(Items from a dataset)

=== Section Start ===

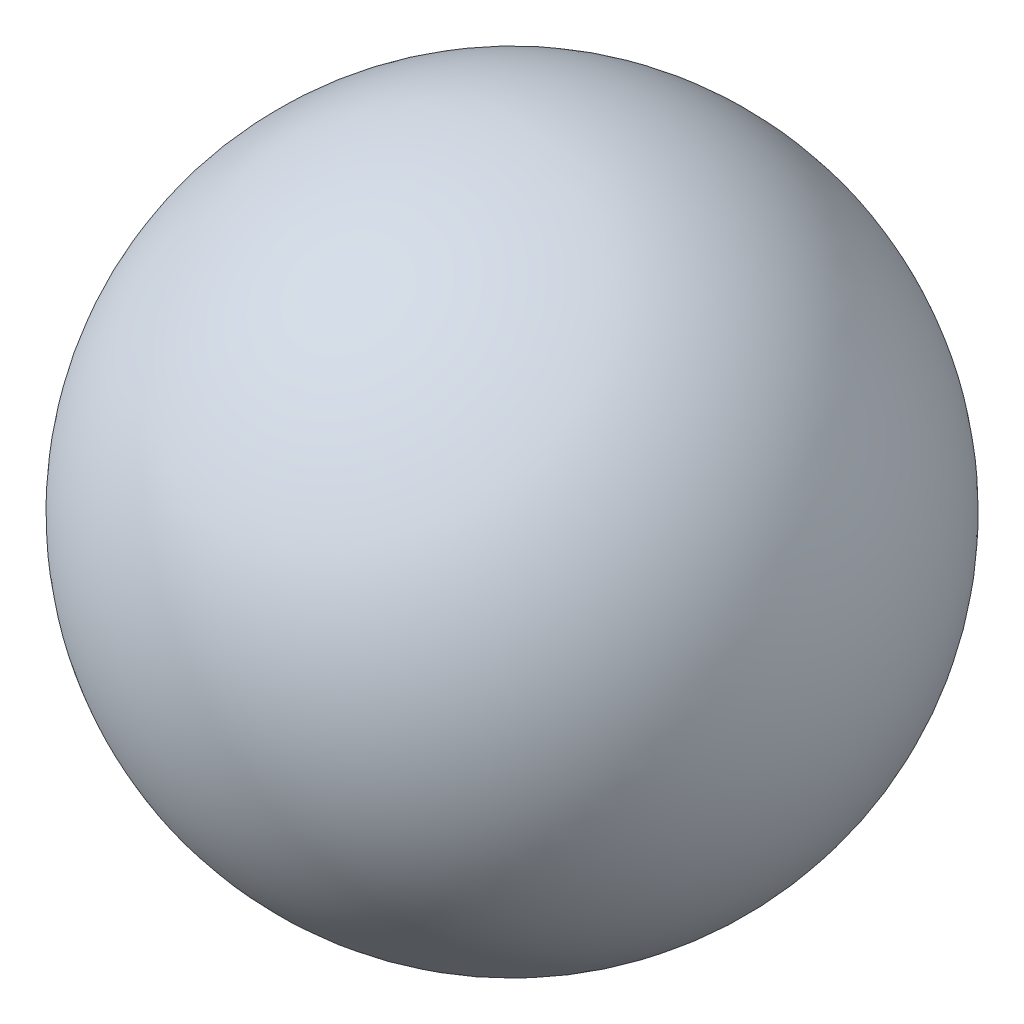
ISO-10303-21;
HEADER;
FILE_DESCRIPTION(('STEP AP214'),'2;1');
FILE_NAME('part.step','',(''),(''),'','','');
FILE_SCHEMA(('AUTOMOTIVE_DESIGN { 1 0 10303 214 1 1 1 1 }'));
ENDSEC;
DATA;
#1=APPLICATION_CONTEXT('core data for automotive mechanical design processes');
#2=APPLICATION_PROTOCOL_DEFINITION('international standard','automotive_design',2000,#1);
#3=PRODUCT_CONTEXT('',#1,'mechanical');
#4=PRODUCT('Part','Part','',(#3));
#5=PRODUCT_RELATED_PRODUCT_CATEGORY('part','',(#4));
#6=PRODUCT_DEFINITION_FORMATION('','',#4);
#7=PRODUCT_DEFINITION_CONTEXT('part definition',#1,'design');
#8=PRODUCT_DEFINITION('design','',#6,#7);
#9=PRODUCT_DEFINITION_SHAPE('','',#8);
#10=(LENGTH_UNIT() NAMED_UNIT(*) SI_UNIT(.MILLI.,.METRE.));
#11=(NAMED_UNIT(*) PLANE_ANGLE_UNIT() SI_UNIT($,.RADIAN.));
#12=(NAMED_UNIT(*) SI_UNIT($,.STERADIAN.) SOLID_ANGLE_UNIT());
#13=UNCERTAINTY_MEASURE_WITH_UNIT(LENGTH_MEASURE(1.E-05),#10,'distance_accuracy_value','');
#14=(GEOMETRIC_REPRESENTATION_CONTEXT(3) GLOBAL_UNCERTAINTY_ASSIGNED_CONTEXT((#13)) GLOBAL_UNIT_ASSIGNED_CONTEXT((#10,
#11,#12)) REPRESENTATION_CONTEXT('',''));
#15=CARTESIAN_POINT('',(0.,0.,0.));
#16=DIRECTION('',(0.,0.,1.));
#17=DIRECTION('',(1.,0.,0.));
#18=AXIS2_PLACEMENT_3D('',#15,#16,#17);
#19=CARTESIAN_POINT('',(0.,0.,0.));
#20=DIRECTION('',(0.,0.,1.));
#21=DIRECTION('',(-1.,0.,0.));
#22=AXIS2_PLACEMENT_3D('',#19,#20,#21);
#23=SPHERICAL_SURFACE('',#22,21.335);
#24=CARTESIAN_POINT('',(0.,0.,21.335));
#25=VERTEX_POINT('',#24);
#26=VERTEX_LOOP('',#25);
#27=FACE_BOUND('',#26,.T.);
#28=ADVANCED_FACE('F41',(#27),#23,.T.);
#29=CLOSED_SHELL('',(#28));
#30=MANIFOLD_SOLID_BREP('B2',#29);
#31=ADVANCED_BREP_SHAPE_REPRESENTATION('',(#18,#30),#14);
#32=SHAPE_DEFINITION_REPRESENTATION(#9,#31);
ENDSEC;
END-ISO-10303-21;

=== Section End ===

Excluding all pictures, reproduce the records exactly as they appear above.

ISO-10303-21;
HEADER;
FILE_DESCRIPTION(('STEP AP214'),'2;1');
FILE_NAME('part.step','',(''),(''),'','','');
FILE_SCHEMA(('AUTOMOTIVE_DESIGN { 1 0 10303 214 1 1 1 1 }'));
ENDSEC;
DATA;
#1=APPLICATION_CONTEXT('core data for automotive mechanical design processes');
#2=APPLICATION_PROTOCOL_DEFINITION('international standard','automotive_design',2000,#1);
#3=PRODUCT_CONTEXT('',#1,'mechanical');
#4=PRODUCT('Part','Part','',(#3));
#5=PRODUCT_RELATED_PRODUCT_CATEGORY('part','',(#4));
#6=PRODUCT_DEFINITION_FORMATION('','',#4);
#7=PRODUCT_DEFINITION_CONTEXT('part definition',#1,'design');
#8=PRODUCT_DEFINITION('design','',#6,#7);
#9=PRODUCT_DEFINITION_SHAPE('','',#8);
#10=(LENGTH_UNIT() NAMED_UNIT(*) SI_UNIT(.MILLI.,.METRE.));
#11=(NAMED_UNIT(*) PLANE_ANGLE_UNIT() SI_UNIT($,.RADIAN.));
#12=(NAMED_UNIT(*) SI_UNIT($,.STERADIAN.) SOLID_ANGLE_UNIT());
#13=UNCERTAINTY_MEASURE_WITH_UNIT(LENGTH_MEASURE(1.E-05),#10,'distance_accuracy_value','');
#14=(GEOMETRIC_REPRESENTATION_CONTEXT(3) GLOBAL_UNCERTAINTY_ASSIGNED_CONTEXT((#13)) GLOBAL_UNIT_ASSIGNED_CONTEXT((#10,
#11,#12)) REPRESENTATION_CONTEXT('',''));
#15=CARTESIAN_POINT('',(0.,0.,0.));
#16=DIRECTION('',(0.,0.,1.));
#17=DIRECTION('',(1.,0.,0.));
#18=AXIS2_PLACEMENT_3D('',#15,#16,#17);
#19=CARTESIAN_POINT('',(0.,0.,0.));
#20=DIRECTION('',(0.,0.,1.));
#21=DIRECTION('',(-1.,0.,0.));
#22=AXIS2_PLACEMENT_3D('',#19,#20,#21);
#23=SPHERICAL_SURFACE('',#22,21.335);
#24=CARTESIAN_POINT('',(0.,0.,21.335));
#25=VERTEX_POINT('',#24);
#26=VERTEX_LOOP('',#25);
#27=FACE_BOUND('',#26,.T.);
#28=ADVANCED_FACE('F41',(#27),#23,.T.);
#29=CLOSED_SHELL('',(#28));
#30=MANIFOLD_SOLID_BREP('B2',#29);
#31=ADVANCED_BREP_SHAPE_REPRESENTATION('',(#18,#30),#14);
#32=SHAPE_DEFINITION_REPRESENTATION(#9,#31);
ENDSEC;
END-ISO-10303-21;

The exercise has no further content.